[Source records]
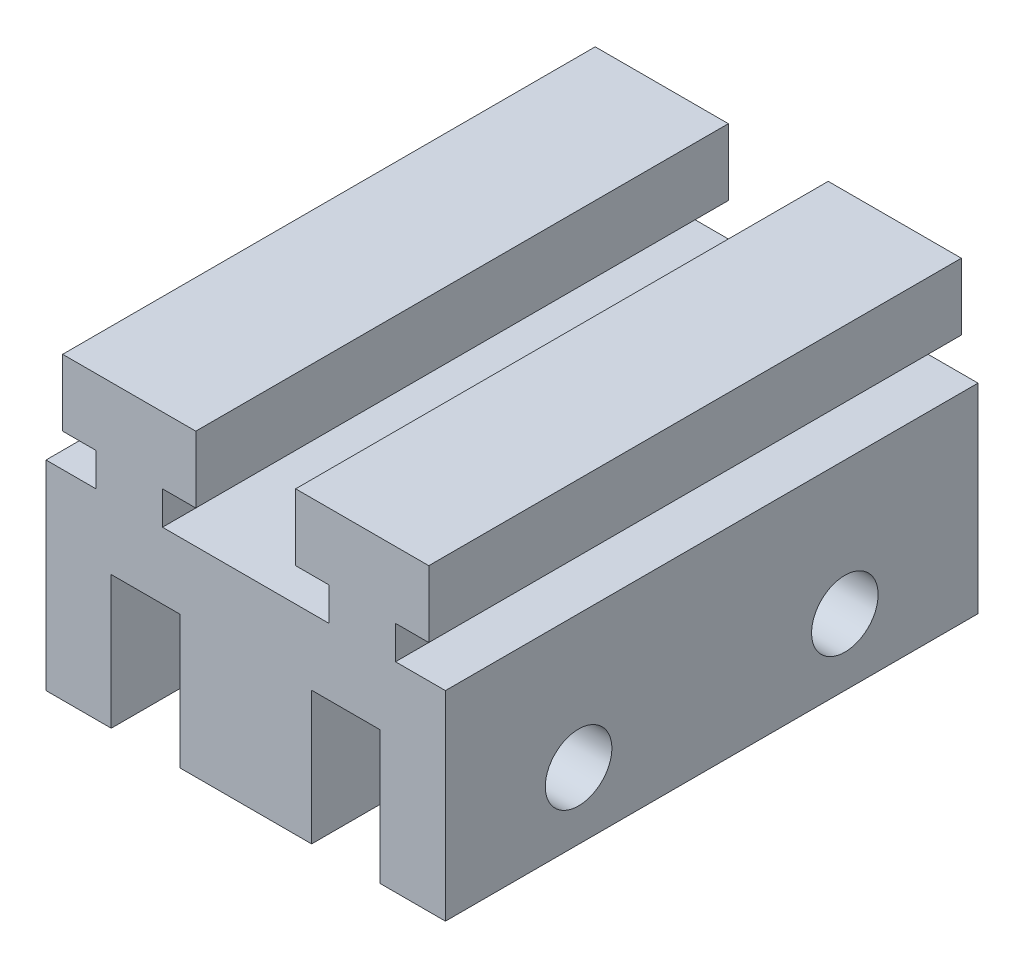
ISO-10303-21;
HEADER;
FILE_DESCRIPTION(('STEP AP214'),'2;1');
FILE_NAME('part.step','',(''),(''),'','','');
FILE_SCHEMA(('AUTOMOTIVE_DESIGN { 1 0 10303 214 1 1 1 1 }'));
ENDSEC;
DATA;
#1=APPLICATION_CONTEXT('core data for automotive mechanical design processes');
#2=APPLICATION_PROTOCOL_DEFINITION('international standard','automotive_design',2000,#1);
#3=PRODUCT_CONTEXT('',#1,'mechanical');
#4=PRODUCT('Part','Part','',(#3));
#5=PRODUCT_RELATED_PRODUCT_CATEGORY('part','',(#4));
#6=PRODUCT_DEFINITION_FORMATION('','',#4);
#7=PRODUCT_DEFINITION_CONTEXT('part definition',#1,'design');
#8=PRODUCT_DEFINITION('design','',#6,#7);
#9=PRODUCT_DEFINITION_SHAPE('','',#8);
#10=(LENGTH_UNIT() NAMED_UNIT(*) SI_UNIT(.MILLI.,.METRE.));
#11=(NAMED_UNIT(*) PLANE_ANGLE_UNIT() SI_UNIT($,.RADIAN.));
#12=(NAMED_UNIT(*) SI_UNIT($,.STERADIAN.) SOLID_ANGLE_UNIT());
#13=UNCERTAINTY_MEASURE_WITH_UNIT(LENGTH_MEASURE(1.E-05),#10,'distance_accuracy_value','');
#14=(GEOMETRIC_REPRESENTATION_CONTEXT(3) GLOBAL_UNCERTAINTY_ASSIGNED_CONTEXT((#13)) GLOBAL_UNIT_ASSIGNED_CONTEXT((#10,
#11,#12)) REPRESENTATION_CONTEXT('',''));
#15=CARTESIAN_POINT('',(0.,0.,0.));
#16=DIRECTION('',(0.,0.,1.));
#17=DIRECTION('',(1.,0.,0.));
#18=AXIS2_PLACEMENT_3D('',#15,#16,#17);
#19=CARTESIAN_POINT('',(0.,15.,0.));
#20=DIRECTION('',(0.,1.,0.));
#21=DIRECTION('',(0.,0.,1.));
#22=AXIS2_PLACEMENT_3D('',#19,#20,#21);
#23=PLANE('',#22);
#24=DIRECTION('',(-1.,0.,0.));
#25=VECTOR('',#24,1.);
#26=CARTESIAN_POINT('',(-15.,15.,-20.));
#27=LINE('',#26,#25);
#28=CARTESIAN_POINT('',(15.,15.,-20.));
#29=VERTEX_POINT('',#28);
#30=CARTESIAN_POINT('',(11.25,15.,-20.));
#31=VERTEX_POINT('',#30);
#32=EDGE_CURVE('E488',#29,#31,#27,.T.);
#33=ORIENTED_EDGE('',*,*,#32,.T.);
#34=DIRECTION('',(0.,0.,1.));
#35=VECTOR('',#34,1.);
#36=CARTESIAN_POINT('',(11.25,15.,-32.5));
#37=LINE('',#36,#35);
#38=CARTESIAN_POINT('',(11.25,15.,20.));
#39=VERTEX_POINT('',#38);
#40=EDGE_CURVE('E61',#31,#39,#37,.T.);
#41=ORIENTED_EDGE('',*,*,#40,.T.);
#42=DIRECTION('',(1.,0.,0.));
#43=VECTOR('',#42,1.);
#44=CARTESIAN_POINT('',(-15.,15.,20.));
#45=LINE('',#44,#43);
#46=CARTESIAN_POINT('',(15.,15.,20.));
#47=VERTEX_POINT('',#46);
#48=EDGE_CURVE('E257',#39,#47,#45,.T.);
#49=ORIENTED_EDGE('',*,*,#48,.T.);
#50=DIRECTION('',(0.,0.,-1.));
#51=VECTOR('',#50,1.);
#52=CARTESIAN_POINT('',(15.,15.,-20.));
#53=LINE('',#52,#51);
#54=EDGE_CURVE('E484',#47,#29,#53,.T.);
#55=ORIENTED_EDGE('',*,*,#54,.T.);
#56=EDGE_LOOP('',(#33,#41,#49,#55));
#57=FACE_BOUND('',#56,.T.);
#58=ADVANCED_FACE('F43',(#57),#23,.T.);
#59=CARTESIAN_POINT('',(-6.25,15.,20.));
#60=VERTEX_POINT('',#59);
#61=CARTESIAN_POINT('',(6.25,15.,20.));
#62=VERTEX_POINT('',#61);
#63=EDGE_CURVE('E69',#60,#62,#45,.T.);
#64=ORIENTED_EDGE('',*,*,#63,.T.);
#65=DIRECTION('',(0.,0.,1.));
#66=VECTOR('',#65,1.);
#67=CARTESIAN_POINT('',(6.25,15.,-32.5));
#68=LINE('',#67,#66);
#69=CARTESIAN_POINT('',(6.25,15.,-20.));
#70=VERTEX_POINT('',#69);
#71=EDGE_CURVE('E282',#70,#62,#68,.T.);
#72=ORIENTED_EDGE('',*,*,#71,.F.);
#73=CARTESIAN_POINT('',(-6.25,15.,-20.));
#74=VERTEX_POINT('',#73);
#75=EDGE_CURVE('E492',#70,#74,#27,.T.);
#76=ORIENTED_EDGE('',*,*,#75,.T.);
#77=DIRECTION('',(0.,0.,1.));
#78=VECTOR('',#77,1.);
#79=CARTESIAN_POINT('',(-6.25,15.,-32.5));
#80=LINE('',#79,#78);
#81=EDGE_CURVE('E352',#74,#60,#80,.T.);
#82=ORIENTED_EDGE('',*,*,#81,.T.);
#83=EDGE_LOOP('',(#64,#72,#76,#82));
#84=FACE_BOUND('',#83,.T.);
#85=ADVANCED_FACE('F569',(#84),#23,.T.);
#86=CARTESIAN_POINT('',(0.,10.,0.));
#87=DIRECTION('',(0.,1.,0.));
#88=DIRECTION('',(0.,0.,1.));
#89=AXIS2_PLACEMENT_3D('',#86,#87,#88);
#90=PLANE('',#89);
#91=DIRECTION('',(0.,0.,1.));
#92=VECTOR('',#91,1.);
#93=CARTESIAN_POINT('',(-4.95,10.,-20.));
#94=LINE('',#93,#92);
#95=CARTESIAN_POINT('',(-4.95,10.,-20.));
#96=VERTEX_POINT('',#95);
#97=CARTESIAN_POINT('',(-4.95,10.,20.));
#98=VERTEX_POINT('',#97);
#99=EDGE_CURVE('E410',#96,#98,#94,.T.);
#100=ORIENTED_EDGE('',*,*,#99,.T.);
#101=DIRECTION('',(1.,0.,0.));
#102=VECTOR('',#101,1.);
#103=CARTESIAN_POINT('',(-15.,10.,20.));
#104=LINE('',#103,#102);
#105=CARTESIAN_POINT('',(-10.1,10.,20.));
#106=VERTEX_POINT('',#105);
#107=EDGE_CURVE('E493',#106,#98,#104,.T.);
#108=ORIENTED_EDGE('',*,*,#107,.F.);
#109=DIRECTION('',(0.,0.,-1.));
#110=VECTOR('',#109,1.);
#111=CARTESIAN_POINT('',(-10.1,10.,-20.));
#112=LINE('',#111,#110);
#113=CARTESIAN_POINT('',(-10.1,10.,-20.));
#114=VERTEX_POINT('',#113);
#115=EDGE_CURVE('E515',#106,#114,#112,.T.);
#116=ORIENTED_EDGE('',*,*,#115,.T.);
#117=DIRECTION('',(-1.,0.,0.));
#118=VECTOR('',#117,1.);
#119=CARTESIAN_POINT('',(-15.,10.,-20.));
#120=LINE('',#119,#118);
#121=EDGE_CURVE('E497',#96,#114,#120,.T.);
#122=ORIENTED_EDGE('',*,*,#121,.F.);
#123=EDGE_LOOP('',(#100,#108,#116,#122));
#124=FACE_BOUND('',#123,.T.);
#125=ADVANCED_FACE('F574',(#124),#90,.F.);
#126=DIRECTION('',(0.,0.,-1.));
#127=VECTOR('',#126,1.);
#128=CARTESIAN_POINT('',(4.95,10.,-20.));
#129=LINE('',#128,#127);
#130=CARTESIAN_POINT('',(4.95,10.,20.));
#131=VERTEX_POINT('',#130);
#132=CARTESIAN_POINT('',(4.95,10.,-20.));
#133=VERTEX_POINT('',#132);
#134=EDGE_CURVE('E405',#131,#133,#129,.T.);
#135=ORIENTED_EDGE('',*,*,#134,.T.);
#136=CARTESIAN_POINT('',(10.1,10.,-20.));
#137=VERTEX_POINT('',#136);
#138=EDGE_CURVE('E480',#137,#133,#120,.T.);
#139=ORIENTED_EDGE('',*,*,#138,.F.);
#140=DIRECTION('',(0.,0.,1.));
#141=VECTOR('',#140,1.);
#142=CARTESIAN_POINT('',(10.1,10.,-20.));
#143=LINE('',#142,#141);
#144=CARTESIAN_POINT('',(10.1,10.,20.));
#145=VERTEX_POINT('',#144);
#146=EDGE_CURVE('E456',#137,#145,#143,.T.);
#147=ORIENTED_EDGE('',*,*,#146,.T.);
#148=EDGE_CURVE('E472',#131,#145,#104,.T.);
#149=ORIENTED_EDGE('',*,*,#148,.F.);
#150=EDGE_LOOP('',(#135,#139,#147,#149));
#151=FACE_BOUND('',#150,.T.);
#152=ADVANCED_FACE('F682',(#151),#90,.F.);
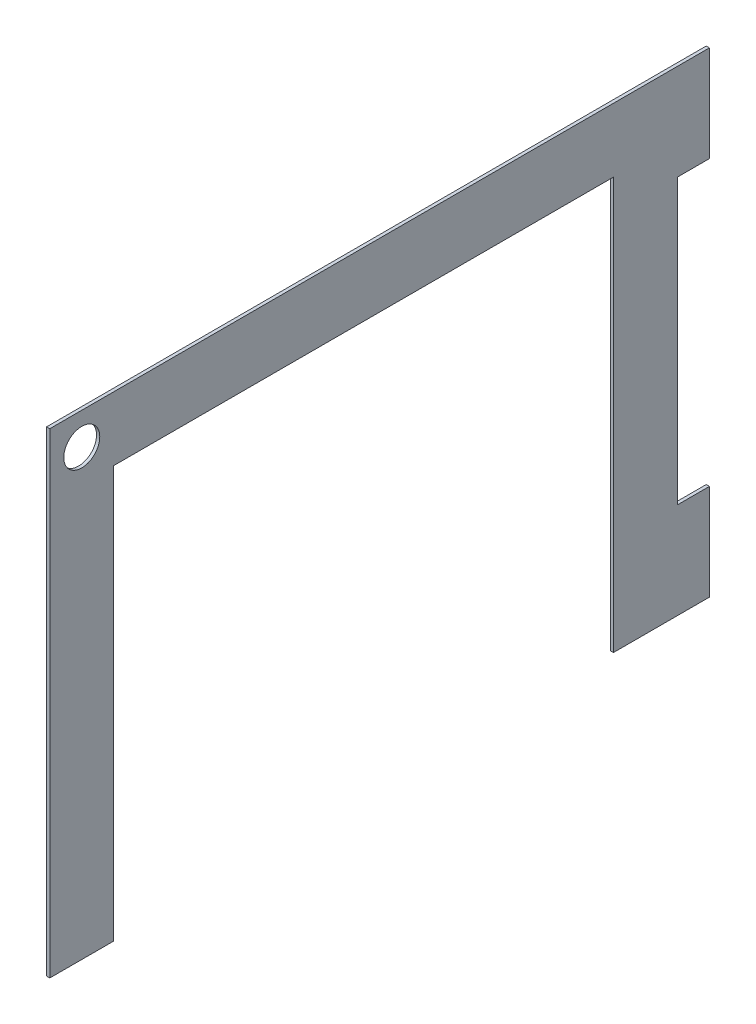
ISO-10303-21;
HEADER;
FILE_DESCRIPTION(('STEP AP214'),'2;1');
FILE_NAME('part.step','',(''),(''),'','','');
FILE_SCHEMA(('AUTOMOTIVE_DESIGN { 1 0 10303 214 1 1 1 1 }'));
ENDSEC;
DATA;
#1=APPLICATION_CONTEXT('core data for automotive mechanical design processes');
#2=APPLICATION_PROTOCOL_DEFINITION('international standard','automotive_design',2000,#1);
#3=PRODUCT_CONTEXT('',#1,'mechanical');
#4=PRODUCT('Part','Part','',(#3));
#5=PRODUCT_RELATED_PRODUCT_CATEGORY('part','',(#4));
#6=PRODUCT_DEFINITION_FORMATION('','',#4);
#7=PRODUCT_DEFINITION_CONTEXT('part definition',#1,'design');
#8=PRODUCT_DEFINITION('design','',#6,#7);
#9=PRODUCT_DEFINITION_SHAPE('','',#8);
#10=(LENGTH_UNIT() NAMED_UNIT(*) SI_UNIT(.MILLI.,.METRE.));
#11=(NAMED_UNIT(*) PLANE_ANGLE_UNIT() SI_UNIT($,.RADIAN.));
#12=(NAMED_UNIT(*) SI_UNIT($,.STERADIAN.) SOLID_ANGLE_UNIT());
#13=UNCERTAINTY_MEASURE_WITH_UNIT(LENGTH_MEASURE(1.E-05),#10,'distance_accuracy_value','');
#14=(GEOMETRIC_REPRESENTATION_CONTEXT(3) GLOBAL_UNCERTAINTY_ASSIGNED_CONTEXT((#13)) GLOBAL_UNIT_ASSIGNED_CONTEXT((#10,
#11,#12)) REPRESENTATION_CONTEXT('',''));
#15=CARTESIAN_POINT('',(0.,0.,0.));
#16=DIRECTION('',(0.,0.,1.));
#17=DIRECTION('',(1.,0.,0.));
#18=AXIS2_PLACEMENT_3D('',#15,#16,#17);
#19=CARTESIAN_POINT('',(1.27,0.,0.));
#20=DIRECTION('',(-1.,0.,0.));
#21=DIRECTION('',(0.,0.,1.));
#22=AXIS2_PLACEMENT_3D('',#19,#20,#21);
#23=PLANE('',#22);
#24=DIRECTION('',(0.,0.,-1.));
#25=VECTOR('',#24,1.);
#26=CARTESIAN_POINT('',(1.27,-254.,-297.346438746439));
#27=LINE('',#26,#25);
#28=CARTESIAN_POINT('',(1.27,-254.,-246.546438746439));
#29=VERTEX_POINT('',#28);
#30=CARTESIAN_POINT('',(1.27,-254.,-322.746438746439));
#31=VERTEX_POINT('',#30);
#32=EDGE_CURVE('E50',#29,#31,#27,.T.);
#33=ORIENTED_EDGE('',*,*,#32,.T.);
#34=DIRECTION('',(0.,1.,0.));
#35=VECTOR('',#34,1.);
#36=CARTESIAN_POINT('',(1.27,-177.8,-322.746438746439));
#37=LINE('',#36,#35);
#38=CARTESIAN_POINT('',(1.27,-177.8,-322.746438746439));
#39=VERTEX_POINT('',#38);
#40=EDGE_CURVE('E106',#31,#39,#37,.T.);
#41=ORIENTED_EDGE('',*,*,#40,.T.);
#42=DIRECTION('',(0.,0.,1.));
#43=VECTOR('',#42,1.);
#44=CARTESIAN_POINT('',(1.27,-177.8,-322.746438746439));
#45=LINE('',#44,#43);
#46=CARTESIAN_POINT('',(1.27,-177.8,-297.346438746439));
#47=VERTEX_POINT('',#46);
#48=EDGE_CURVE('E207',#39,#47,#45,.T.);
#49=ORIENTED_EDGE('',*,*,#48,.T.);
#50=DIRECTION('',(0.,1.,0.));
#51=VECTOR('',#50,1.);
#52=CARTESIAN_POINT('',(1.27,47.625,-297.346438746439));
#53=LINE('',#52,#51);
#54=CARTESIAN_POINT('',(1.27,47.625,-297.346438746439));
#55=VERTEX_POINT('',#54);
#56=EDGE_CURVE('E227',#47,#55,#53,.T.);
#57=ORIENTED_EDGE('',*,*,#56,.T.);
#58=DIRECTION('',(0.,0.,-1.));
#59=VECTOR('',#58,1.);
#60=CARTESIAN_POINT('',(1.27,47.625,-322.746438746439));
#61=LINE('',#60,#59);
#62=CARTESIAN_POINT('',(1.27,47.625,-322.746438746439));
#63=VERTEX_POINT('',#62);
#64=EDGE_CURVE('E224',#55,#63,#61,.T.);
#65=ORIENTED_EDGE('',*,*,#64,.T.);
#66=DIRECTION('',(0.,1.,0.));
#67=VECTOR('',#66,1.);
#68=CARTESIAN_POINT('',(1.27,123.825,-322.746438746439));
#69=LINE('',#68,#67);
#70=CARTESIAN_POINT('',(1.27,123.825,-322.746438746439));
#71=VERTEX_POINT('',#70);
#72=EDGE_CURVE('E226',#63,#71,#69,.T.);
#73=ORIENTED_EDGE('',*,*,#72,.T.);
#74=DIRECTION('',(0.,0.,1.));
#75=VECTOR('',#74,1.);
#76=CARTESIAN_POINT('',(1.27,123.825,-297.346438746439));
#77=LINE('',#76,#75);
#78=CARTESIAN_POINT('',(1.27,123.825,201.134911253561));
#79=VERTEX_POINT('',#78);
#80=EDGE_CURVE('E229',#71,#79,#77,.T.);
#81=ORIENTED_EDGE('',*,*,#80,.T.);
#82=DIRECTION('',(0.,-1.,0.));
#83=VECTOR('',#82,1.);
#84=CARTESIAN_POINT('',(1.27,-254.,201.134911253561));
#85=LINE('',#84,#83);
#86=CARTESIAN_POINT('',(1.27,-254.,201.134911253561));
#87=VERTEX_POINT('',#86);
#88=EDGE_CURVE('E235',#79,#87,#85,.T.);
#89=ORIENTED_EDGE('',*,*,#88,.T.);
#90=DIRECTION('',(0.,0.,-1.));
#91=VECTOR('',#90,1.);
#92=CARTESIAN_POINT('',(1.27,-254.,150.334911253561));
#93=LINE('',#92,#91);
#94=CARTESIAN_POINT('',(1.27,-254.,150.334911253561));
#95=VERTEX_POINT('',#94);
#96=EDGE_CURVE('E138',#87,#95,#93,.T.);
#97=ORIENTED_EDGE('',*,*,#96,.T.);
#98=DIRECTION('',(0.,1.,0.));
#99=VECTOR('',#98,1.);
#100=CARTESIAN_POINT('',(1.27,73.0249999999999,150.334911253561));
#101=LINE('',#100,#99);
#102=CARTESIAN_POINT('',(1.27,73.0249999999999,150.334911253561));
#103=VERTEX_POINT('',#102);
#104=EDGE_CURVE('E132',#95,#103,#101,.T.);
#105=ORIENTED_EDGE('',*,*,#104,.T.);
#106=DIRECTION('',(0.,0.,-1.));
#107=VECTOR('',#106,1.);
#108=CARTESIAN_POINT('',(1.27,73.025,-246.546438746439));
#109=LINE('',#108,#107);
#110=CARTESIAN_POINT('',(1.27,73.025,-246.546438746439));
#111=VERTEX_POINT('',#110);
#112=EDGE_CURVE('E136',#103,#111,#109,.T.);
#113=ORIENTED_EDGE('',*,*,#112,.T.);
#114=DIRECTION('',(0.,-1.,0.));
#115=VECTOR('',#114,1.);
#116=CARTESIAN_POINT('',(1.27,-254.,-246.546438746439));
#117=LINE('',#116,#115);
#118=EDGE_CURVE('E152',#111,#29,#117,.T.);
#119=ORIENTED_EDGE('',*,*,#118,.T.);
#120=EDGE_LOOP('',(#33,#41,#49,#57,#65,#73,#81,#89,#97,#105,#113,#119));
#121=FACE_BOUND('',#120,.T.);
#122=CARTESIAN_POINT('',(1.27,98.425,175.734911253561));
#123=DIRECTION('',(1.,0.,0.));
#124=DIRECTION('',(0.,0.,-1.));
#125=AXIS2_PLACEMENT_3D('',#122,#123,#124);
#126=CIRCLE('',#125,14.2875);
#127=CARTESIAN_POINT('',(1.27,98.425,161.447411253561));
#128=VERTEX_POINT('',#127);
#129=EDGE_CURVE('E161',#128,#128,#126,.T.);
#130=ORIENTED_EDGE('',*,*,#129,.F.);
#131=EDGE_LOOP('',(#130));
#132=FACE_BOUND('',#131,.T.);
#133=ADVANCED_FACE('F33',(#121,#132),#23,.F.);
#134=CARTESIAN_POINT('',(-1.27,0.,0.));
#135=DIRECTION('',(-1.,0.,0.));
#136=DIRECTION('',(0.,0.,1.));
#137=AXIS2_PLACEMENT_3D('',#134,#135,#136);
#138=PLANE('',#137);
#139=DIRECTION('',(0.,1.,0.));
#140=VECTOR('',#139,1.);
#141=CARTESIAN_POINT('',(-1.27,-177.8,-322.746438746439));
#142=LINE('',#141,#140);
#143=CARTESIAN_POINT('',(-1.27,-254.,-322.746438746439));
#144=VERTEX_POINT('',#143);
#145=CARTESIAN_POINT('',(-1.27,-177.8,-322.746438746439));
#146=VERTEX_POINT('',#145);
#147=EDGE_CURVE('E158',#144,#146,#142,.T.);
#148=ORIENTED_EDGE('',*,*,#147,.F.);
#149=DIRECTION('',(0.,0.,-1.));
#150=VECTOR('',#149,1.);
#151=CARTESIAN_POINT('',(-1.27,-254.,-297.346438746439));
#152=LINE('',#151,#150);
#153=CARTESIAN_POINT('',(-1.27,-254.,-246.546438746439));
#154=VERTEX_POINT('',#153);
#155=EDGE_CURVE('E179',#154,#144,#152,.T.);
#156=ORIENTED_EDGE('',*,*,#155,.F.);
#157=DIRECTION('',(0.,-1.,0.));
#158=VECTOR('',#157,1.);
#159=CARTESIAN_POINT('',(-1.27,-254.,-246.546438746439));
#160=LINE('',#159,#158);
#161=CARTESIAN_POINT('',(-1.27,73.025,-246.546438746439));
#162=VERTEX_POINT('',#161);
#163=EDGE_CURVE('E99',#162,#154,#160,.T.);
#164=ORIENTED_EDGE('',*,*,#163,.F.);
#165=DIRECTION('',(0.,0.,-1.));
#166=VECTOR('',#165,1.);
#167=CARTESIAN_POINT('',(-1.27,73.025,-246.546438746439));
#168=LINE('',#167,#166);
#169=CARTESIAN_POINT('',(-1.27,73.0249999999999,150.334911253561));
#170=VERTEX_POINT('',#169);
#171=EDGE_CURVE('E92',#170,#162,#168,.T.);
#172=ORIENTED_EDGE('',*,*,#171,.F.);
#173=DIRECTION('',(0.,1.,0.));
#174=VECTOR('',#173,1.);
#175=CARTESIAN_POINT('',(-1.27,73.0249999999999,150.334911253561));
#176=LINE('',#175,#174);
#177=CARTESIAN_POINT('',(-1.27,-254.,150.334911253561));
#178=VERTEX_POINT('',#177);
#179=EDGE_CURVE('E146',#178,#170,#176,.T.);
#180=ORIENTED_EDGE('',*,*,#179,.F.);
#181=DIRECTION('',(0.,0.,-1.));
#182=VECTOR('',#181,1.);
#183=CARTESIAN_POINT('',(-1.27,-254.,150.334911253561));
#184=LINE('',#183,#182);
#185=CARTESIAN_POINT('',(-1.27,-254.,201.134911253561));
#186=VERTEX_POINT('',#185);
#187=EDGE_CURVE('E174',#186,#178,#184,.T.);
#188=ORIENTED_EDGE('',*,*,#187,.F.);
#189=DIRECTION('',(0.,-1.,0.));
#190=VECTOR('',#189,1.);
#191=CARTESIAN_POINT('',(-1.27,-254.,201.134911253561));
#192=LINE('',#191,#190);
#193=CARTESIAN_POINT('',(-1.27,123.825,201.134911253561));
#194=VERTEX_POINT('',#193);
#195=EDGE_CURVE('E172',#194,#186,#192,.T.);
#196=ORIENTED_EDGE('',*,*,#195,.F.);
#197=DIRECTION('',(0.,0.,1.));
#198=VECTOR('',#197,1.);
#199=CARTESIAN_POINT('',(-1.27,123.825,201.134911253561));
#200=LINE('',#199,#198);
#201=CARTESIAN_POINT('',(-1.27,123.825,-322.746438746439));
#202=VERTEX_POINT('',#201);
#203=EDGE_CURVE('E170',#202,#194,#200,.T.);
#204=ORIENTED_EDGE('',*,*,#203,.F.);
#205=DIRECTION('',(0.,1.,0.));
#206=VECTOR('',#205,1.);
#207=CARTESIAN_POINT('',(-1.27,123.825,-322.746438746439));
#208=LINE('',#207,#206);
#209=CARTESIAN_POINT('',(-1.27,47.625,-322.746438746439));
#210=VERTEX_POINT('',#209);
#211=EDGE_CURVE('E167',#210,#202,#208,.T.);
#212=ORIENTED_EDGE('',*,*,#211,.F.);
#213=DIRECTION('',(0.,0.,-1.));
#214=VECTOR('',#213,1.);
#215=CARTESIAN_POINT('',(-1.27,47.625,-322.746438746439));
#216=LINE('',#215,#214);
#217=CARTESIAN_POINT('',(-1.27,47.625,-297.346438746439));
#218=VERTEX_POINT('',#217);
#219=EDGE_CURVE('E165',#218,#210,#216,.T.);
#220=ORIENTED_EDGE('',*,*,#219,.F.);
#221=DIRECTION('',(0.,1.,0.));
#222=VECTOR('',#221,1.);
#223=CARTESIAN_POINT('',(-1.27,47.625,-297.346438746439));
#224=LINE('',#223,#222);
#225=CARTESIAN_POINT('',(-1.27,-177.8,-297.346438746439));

● EXERCISE OBJECTIVE
Of the lines above, extract only those from the line with "#32=EDGE_CURVE('E488',#29,#31,#27,.T.);" to the line with "#62=VERTEX_POINT('',#61);", both included, exactly as written.

● WRITTEN ANSWER
#32=EDGE_CURVE('E488',#29,#31,#27,.T.);
#33=ORIENTED_EDGE('',*,*,#32,.T.);
#34=DIRECTION('',(0.,0.,1.));
#35=VECTOR('',#34,1.);
#36=CARTESIAN_POINT('',(11.25,15.,-32.5));
#37=LINE('',#36,#35);
#38=CARTESIAN_POINT('',(11.25,15.,20.));
#39=VERTEX_POINT('',#38);
#40=EDGE_CURVE('E61',#31,#39,#37,.T.);
#41=ORIENTED_EDGE('',*,*,#40,.T.);
#42=DIRECTION('',(1.,0.,0.));
#43=VECTOR('',#42,1.);
#44=CARTESIAN_POINT('',(-15.,15.,20.));
#45=LINE('',#44,#43);
#46=CARTESIAN_POINT('',(15.,15.,20.));
#47=VERTEX_POINT('',#46);
#48=EDGE_CURVE('E257',#39,#47,#45,.T.);
#49=ORIENTED_EDGE('',*,*,#48,.T.);
#50=DIRECTION('',(0.,0.,-1.));
#51=VECTOR('',#50,1.);
#52=CARTESIAN_POINT('',(15.,15.,-20.));
#53=LINE('',#52,#51);
#54=EDGE_CURVE('E484',#47,#29,#53,.T.);
#55=ORIENTED_EDGE('',*,*,#54,.T.);
#56=EDGE_LOOP('',(#33,#41,#49,#55));
#57=FACE_BOUND('',#56,.T.);
#58=ADVANCED_FACE('F43',(#57),#23,.T.);
#59=CARTESIAN_POINT('',(-6.25,15.,20.));
#60=VERTEX_POINT('',#59);
#61=CARTESIAN_POINT('',(6.25,15.,20.));
#62=VERTEX_POINT('',#61);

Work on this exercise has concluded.